Abstract:
Data measured and collected from embedded sensors often contains faults, i.e.,
data points which are not an accurate representation of the physical phenomenon
monitored by the sensor. These data faults may be caused by deployment conditions
outside the operational bounds for the node, and short- or long-term hardware,
software, or communication problems. On the other hand, the applications will
expect accurate sensor data, and recent literature proposes algorithmic solutions
for the fault detection and classification in sensor data.
In order to evaluate the performance of such solutions, however, the field lacks
a set of benchmark sensor datasets. A benchmark dataset ideally satisfies the
following criteria: (a) it is based on real-world raw sensor data from various
types of sensor deployments; (b) it contains (natural or artificially injected)
faulty data points reflecting various problems in the deployment, including
missing data points; and (c) all data points are annotated with the ground truth,
i.e., whether or not the data point is accurate, and, if faulty, the type of fault.
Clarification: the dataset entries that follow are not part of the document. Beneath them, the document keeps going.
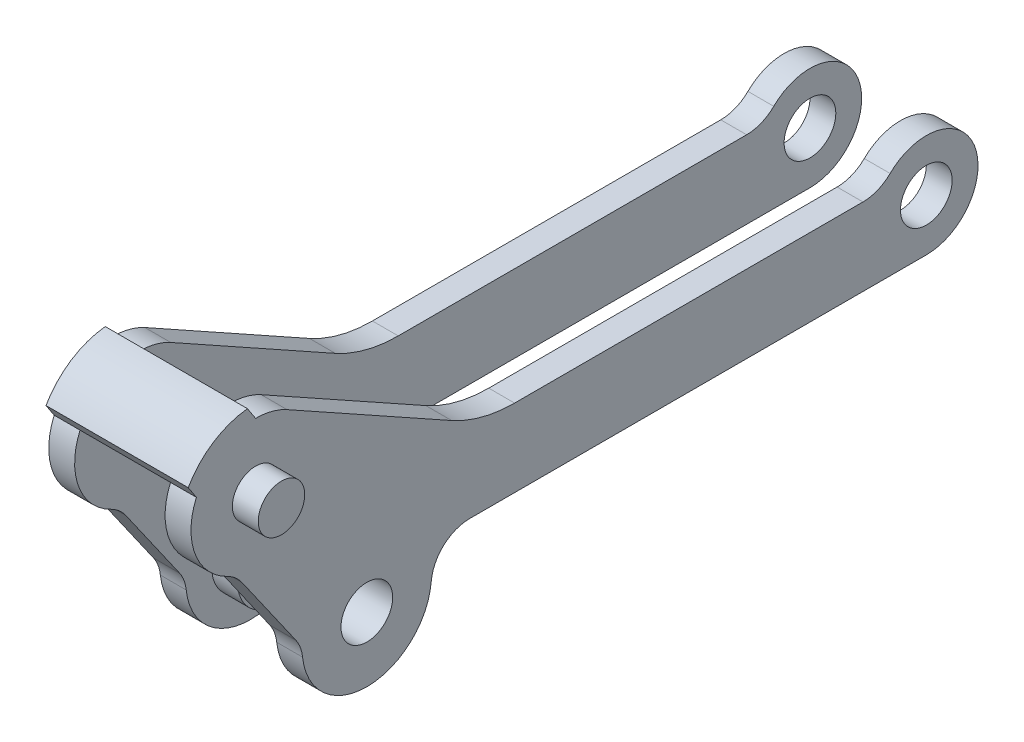
SolidWorks part; units mm, degrees
ref_plane "前视基准面" through (0, 0, 0) normal (0, 0, 1) x (1, 0, 0)
ref_plane "上视基准面" through (0, 0, 0) normal (0, 1, 0) x (1, 0, 0)
ref_plane "右视基准面" through (0, 0, 0) normal (1, 0, 0) x (0, 0, -1)
other "Configuration Table"
sketch "草图1" plane through (0, 0, 0) normal (1, 0, 0) x (0, 0, -1)
  line L1 (0, 0) -> (44.2012, 0)
  line L2 (0, 0) -> (4.2012, -6)
  line L3 (4.2012, -6) -> (44.2012, -6)
  line L4 (44.2012, 0) -> (44.2012, -6)
  line L5 (-10.9556, 1.6987) -> (-4.4024, 6.2873)
  line L6 (-10.9556, 1.6987) -> (-2.352, -10.5886)
  line L7 (-2.352, -10.5886) -> (4.2012, -6)
  line L8 (-4.4024, 6.2873) -> (4.2012, -6)
  circle A0 centre (-7.679, 3.993) radius 5
  circle A1 centre (0.9246, -8.2943) radius 5
  circle A3 centre (44.2012, -2) radius 4
  circle A4 centre (-7.679, 3.993) radius 2
  circle A5 centre (44.2012, -2) radius 2
  circle A6 centre (0.9246, -8.2943) radius 2
  circle A7 centre (0.9246, -8.2943) radius 3
  dimension "D5" = 10
  dimension "D6" = 10
  dimension "D8" = 8
  dimension "D9" = 4
  dimension "D10" = 6
  dimension "D1" = 125
  dimension "D2" = 40
  dimension "D3" = 6
  dimension "D4" = 8
  dimension "D7" = 15
extrude "凸台-拉伸1" add sketch "草图1" along normal blind 2 contours A3 L1 L2 A1 L3 | A0 | L8 L5 L6 L7 | A1 | A3 region at (0, -2.9524, -21.636)
extrude "凸台-拉伸2" add sketch "草图1<4>" against normal blind 2 contours A7
sketch "草图1<4>" plane through (0, 0, 0) normal (1, 0, 0) x (0, 0, -1) same geometry as "草图1"
extrude "切除-拉伸1" cut sketch "草图1<3>" along normal through all both and the other way through all contours A4 | A6 | A5
sketch "草图1<3>" plane through (0, 0, 0) normal (1, 0, 0) x (0, 0, -1) same geometry as "草图1"
fillet "圆角1" radius 3 5 edges at (1, 0, -40.7371) (1, -8.1312, 4.0727) (1, -0.7588, 9.2349) (1, -6, -5.3672) (1, 0, 0)
sketch "草图2" plane through (2, 0, 0) normal (1, 0, 0) x (0, 0, -1)
  circle A0 centre (-7.679, 3.993) radius 2
  circle A1 centre (-7.679, 3.993) radius 1.8
  circle A2 centre (-7.679, 3.993) radius 2 construction
  dimension "D1" = 3.6
extrude "凸台-拉伸3" add sketch "草图2" against normal up to surface (2 mm away) contours A0 up to face at (0, 3.993, 5.679)
extrude "凸台-拉伸4" add sketch "草图2<3>" along normal blind 2 contours A1 region at (2, 3.993, 7.679)
sketch "草图2<3>" plane through (2, 0, 0) normal (1, 0, 0) x (0, 0, -1) same geometry as "草图2"
ref_plane "基准面1" through (-3.5, 0, 0) normal (-1, 0, 0) x (0, 0, 1)
sketch "草图4" plane through (2, 0, 0) normal (1, 0, 0) x (0, 0, -1)
  line L0 (-5.2448, 8.3604) -> (9.7552, 0)
  line L1 (1.5617, 0) -> (39.3023, 0) construction
  line L5 (-5.2448, 0) -> (-5.2448, 8.3604)
  line L6 (-5.2448, 0) -> (9.7552, 0)
  arc A2 (-2.6817, 3.8298) -> (-9.8744, -0.4993) centre (-7.679, 3.993) ccw construction
  dimension "D1" = 15
extrude "凸台-拉伸6" add sketch "草图4" against normal blind 2
sketch "草图3" plane through (2, 0, 0) normal (1, 0, 0) x (0, 0, -1)
  line L0 (-7.679, 3.993) -> (-16.6015, 16.7356) construction
  line L1 (-8.7342, -1.4739) -> (-4.5734, -7.416) construction
  line L2 (-19.3045, 5.993) -> (3.1525, 5.993) construction
  line L7 (-7.679, 8.993) -> (-12.2616, 5.993) construction
  line L8 (-12.2616, 5.993) -> (-13.2566, 7.5129)
  line L9 (9.7552, 0) -> (39.3023, 0) construction
  line L10 (-13.2566, 7.5129) -> (-8.6741, 10.5129) construction
  line L11 (-8.6741, 10.5129) -> (-7.679, 8.993)
  circle A0 centre (-7.679, 3.993) radius 5
  arc A1 (-5.2448, 8.3604) -> (-9.8744, -0.4993) centre (-7.679, 3.993) ccw construction
  circle A2 centre (-7.679, 3.993) radius 2
  circle A3 centre (0.9246, -8.2943) radius 2 construction
  circle A4 centre (-7.679, 3.993) radius 6
  point P7 (-14.0836, 13.1397)
  arc M18 (-5.2448, 8.3604) -> (-9.8744, -0.4993) centre (-7.679, 3.993) ccw
  dimension "D1" = 12
extrude "凸台-拉伸5" add sketch "草图3" against normal up to surface (5.5 mm away) contours L11 A4 L8 M18 region at (2, 8.3868, 10.5555) up to plane "基准面1"
fillet "圆角3" radius 10 1 edges at (1, 0, -9.7552)
mirror "镜向1" about plane through (-3.5, 0, 0) normal (-1, 0, 0) of bodies 111

We prepare and publish three such benchmark datasets, together with the algorithmic
methods used to create them: a dataset of 280 temperature and light subsets of data
from 10 indoor Intel Lab sensors, a dataset of 140 subsets of outdoor temperature data
from SensorScope sensors, and a dataset of 224 subsets of outdoor temperature data from
16 Smart Santander sensors. The three benchmark datasets total 5.783.504 data points,
containing injected data faults of the following types known from the literature: random,
malfunction, bias, drift, polynomial drift, and combinations. We present algorithmic procedures
and a software tool for preparing further such benchmark datasets.